I thought Kingdom Hearts was rather shit and follows the trend of some JRPGs where they confuse "complexity" in plot with "convolution" in plot. See FFX for example.

Also the aesthetic was annoying and it fell into an awkward middleground of trying to keep a "younger" appeal and an "older" appeal. So it ends up being a dark game with random poorly written slapstick. Tonally the game is an absolute mess.

I also just found the gameplay to be rather simplistic and boring.
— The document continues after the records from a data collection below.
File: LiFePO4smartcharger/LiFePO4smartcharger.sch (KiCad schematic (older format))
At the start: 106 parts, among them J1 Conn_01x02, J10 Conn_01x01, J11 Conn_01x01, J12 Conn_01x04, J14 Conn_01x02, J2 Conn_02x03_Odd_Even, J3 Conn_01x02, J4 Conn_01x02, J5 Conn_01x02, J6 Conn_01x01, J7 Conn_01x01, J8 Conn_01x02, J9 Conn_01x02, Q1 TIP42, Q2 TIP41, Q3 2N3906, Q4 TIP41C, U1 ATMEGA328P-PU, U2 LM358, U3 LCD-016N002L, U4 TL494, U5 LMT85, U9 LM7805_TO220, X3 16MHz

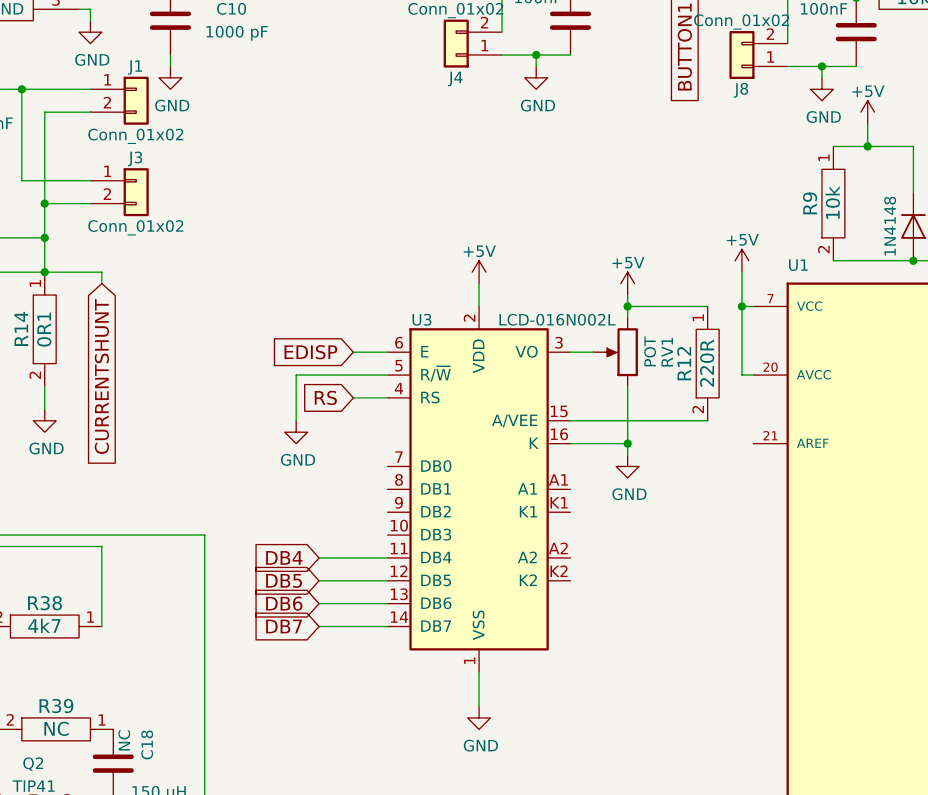
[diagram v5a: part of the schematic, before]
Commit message: Changed temperature sensor interface
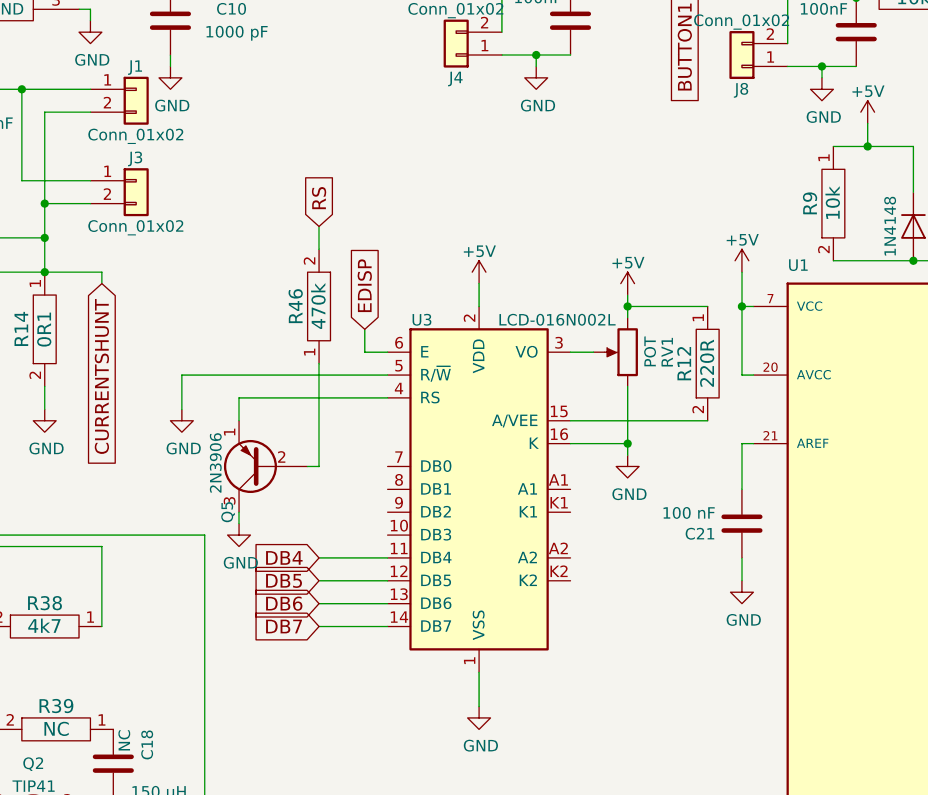
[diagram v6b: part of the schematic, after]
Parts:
- added C21: 100 nF, Capacitors_THT:C_Disc_D5.0mm_W2.5mm_P5.00mm, symbol C
- added Q5: 2N3906, TO_SOT_Packages_THT:TO-92_Inline_Wide, symbol 2N3906
- added R46: 470k, Resistors_THT:R_Axial_DIN0207_L6.3mm_D2.5mm_P7.62mm_Horizontal, symbol RES
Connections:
- net GND: now also C21.1, Q5.3 (C)
- net RS: now also R46.2; no longer U3.4 (RS)
- net at U1.21 (AREF): now also C21.2
- new net: Q5.1 (E), U3.4 (RS)
- new net: Q5.2 (B), R46.1
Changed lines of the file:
@@
 $EndComp
 $Comp
-L GND #PWR52
+L GND #PWR54
 U 1 1 572338B9
 P 10700 2000
-F 0 "#PWR52" H 10700 1750 50  0001 C CNN
+F 0 "#PWR54" H 10700 1750 50  0001 C CNN
 F 1 "GND" H 10708 1827 50  0000 C CNN
 F 2 "" H 10700 2000 50  0000 C CNN
@@
 $EndComp
 $Comp
-L GND #PWR56
+L GND #PWR58
 U 1 1 5B1253A7
 P 10950 3550
-F 0 "#PWR56" H 10950 3300 50  0001 C CNN
+F 0 "#PWR58" H 10950 3300 50  0001 C CNN
 F 1 "GND" H 10958 3377 50  0000 C CNN
 F 2 "" H 10950 3550 50  0000 C CNN
@@
 $EndComp
 $Comp
-L GND #PWR47
+L GND #PWR49
 U 1 1 5B126A05
 P 9800 2150
-F 0 "#PWR47" H 9800 1900 50  0001 C CNN
+F 0 "#PWR49" H 9800 1900 50  0001 C CNN
 F 1 "GND" H 9808 1977 50  0000 C CNN
 F 2 "" H 9800 2150 50  0000 C CNN
@@
 $EndComp
 $Comp
-L GND #PWR50
+L GND #PWR52
 U 1 1 5B0F2286
 P 10500 6200
-F 0 "#PWR50" H 10500 5950 50  0001 C CNN
+F 0 "#PWR52" H 10500 5950 50  0001 C CNN
 F 1 "GND" H 10508 6027 50  0000 C CNN
 F 2 "" H 10500 6200 50  0000 C CNN
@@
 $EndComp
 $Comp
-L GND #PWR55
+L GND #PWR57
 U 1 1 5B0F3459
 P 10900 6200
-F 0 "#PWR55" H 10900 5950 50  0001 C CNN
+F 0 "#PWR57" H 10900 5950 50  0001 C CNN
 F 1 "GND" H 10908 6027 50  0000 C CNN
 F 2 "" H 10900 6200 50  0000 C CNN
@@
 $EndComp
 $Comp
-L GND #PWR39
+L GND #PWR40
 U 1 1 5B1AAEE6
 P 7750 4900
-F 0 "#PWR39" H 7750 4650 50  0001 C CNN
+F 0 "#PWR40" H 7750 4650 50  0001 C CNN
 F 1 "GND" H 7900 4850 50  0000 C CNN
 F 2 "" H 7750 4900 50  0000 C CNN
@@
 $EndComp
 $Comp
-L GND #PWR53
+L GND #PWR55
 U 1 1 5B204A97
 P 10900 4400
-F 0 "#PWR53" H 10900 4150 50  0001 C CNN
+F 0 "#PWR55" H 10900 4150 50  0001 C CNN
 F 1 "GND" H 10908 4227 50  0000 C CNN
 F 2 "" H 10900 4400 50  0000 C CNN
@@
 $EndComp
 $Comp
-L +5V #PWR41
+L +5V #PWR42
 U 1 1 6041A1B7
 P 7800 2350
-F 0 "#PWR41" H 7800 2200 50  0001 C CNN
+F 0 "#PWR42" H 7800 2200 50  0001 C CNN
 F 1 "+5V" H 7800 2490 50  0000 C CNN
 F 2 "" H 7800 2350 50  0001 C CNN
@@
 $EndComp
 $Comp
-L +5V #PWR46
+L +5V #PWR48
 U 1 1 6041A8FB
 P 9750 1850
-F 0 "#PWR46" H 9750 1700 50  0001 C CNN
+F 0 "#PWR48" H 9750 1700 50  0001 C CNN
 F 1 "+5V" H 9750 1990 50  0000 C CNN
 F 2 "" H 9750 1850 50  0001 C CNN
@@
 $EndComp
 $Comp
-L GND #PWR48
+L GND #PWR50
 U 1 1 6041BB6E
 P 9800 6150
-F 0 "#PWR48" H 9800 5900 50  0001 C CNN
+F 0 "#PWR50" H 9800 5900 50  0001 C CNN
 F 1 "GND" H 9808 5977 50  0000 C CNN
 F 2 "" H 9800 6150 50  0000 C CNN
@@
 $EndComp
 $Comp
-L +5V #PWR54
+L +5V #PWR56
 U 1 1 6041BE51
 P 10900 5500
-F 0 "#PWR54" H 10900 5350 50  0001 C CNN
+F 0 "#PWR56" H 10900 5350 50  0001 C CNN
 F 1 "+5V" H 10900 5640 50  0000 C CNN
 F 2 "" H 10900 5500 50  0001 C CNN
@@
 $EndComp
 $Comp
-L +5V #PWR51
+L +5V #PWR53
 U 1 1 6041C537
 P 10700 1450
-F 0 "#PWR51" H 10700 1300 50  0001 C CNN
+F 0 "#PWR53" H 10700 1300 50  0001 C CNN
 F 1 "+5V" H 10700 1590 50  0000 C CNN
 F 2 "" H 10700 1450 50  0001 C CNN
@@
 $EndComp
 $Comp
-L +24V #PWR49
+L +24V #PWR51
 U 1 1 6041DB16
 P 9900 5700
-F 0 "#PWR49" H 9900 5550 50  0001 C CNN
+F 0 "#PWR51" H 9900 5550 50  0001 C CNN
 F 1 "+24V" H 9900 5840 50  0000 C CNN
 F 2 "" H 9900 5700 50  0001 C CNN
@@
 $EndComp
 $Comp
-L GND #PWR35
+L GND #PWR36
 U 1 1 6045525B
 P 6900 1450
-F 0 "#PWR35" H 6900 1200 50  0001 C CNN
+F 0 "#PWR36" H 6900 1200 50  0001 C CNN
 F 1 "GND" H 6908 1277 50  0000 C CNN
 F 2 "" H 6900 1450 50  0000 C CNN
@@
 $EndComp
 $Comp
-L +5V #PWR31
+L +5V #PWR32
 U 1 1 60457732
 P 6550 800
-F 0 "#PWR31" H 6550 650 50  0001 C CNN
+F 0 "#PWR32" H 6550 650 50  0001 C CNN
 F 1 "+5V" H 6550 940 50  0000 C CNN
 F 2 "" H 6550 800 50  0001 C CNN
@@
 $EndComp
 $Comp
-L GND #PWR42
+L GND #PWR44
 U 1 1 60459250
 P 8150 1500
-F 0 "#PWR42" H 8150 1250 50  0001 C CNN
+F 0 "#PWR44" H 8150 1250 50  0001 C CNN
 F 1 "GND" H 8158 1327 50  0000 C CNN
 F 2 "" H 8150 1500 50  0000 C CNN
@@
 $EndComp
 $Comp
-L +5V #PWR40
+L +5V #PWR41
 U 1 1 60459261
 P 7800 850
-F 0 "#PWR40" H 7800 700 50  0001 C CNN
+F 0 "#PWR41" H 7800 700 50  0001 C CNN
 F 1 "+5V" H 7800 990 50  0000 C CNN
 F 2 "" H 7800 850 50  0001 C CNN
@@
 $EndComp
 $Comp
-L GND #PWR45
+L GND #PWR47
 U 1 1 60459403
 P 9400 1450
-F 0 "#PWR45" H 9400 1200 50  0001 C CNN
+F 0 "#PWR47" H 9400 1200 50  0001 C CNN
 F 1 "GND" H 9408 1277 50  0000 C CNN
 F 2 "" H 9400 1450 50  0000 C CNN
@@
 $EndComp
 $Comp
-L +5V #PWR44
+L +5V #PWR46
 U 1 1 60459414
 P 9050 800
-F 0 "#PWR44" H 9050 650 50  0001 C CNN
+F 0 "#PWR46" H 9050 650 50  0001 C CNN
 F 1 "+5V" H 9050 940 50  0000 C CNN
 F 2 "" H 9050 800 50  0001 C CNN
@@
 A1
 $Comp
-L +5V #PWR32
+L +5V #PWR33
 U 1 1 6045AE76
 P 6650 2400
-F 0 "#PWR32" H 6650 2250 50  0001 C CNN
+F 0 "#PWR33" H 6650 2250 50  0001 C CNN
 F 1 "+5V" H 6650 2540 50  0000 C CNN
 F 2 "" H 6650 2400 50  0001 C CNN
@@
 $EndComp
 $Comp
-L GND #PWR33
+L GND #PWR34
 U 1 1 6045B46C
 P 6650 4250
-F 0 "#PWR33" H 6650 4000 50  0001 C CNN
+F 0 "#PWR34" H 6650 4000 50  0001 C CNN
 F 1 "GND" H 6658 4077 50  0000 C CNN
 F 2 "" H 6650 4250 50  0000 C CNN
@@
 $EndComp
 $Comp
-L +5V #PWR36
+L +5V #PWR37
 U 1 1 6045BD5D
 P 7300 2450
-F 0 "#PWR36" H 7300 2300 50  0001 C CNN
+F 0 "#PWR37" H 7300 2300 50  0001 C CNN
 F 1 "+5V" H 7300 2590 50  0000 C CNN
 F 2 "" H 7300 2450 50  0001 C CNN
@@
 $EndComp
 $Comp
-L GND #PWR37
+L GND #PWR38
 U 1 1 6045BFF2
 P 7300 3150
-F 0 "#PWR37" H 7300 2900 50  0001 C CNN
+F 0 "#PWR38" H 7300 2900 50  0001 C CNN
 F 1 "GND" H 7308 2977 50  0000 C CNN
 F 2 "" H 7300 3150 50  0000 C CNN
@@
 $EndComp
 $Comp
-L GND #PWR27
+L GND #PWR26
 U 1 1 6045D5DE
-P 5850 3000
-F 0 "#PWR27" H 5850 2750 50  0001 C CNN
-F 1 "GND" H 5858 2827 50  0000 C CNN
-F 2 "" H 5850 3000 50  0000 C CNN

The "mash up" between the two universes ends up being entirely useless. Like there's no explanation on why Final Fantasy characters are there, they just are there and have little relevance to the whole scheme of the game. It's literally just fanservice because games with Final Fantasy stapled onto it sell. It's not like an actual crossover game like Marvel vs. Capcom where the whole draw is seeing two franchises in full force together, it's kinda like a Disney game but randomly you see Squall (also seriously, out of every Final Fantasy characters, you chose fucking Squall?) walking across the background.


----------



## xist (May 16, 2013)

I think i'm playing Kingdom Hearts wrong. Whilst there are all these melodramatic and overarching themes of a nefarious organisation and a group of evil? (Not sure that's right but i'll go with it) individuals i've always just seen Kingdom Hearts as a tale of friendship and love triumphing over adversity. All the crazy somewhat poorly thought out stuff is just there in the background behind the journeys of young people going on a voyage of discovery.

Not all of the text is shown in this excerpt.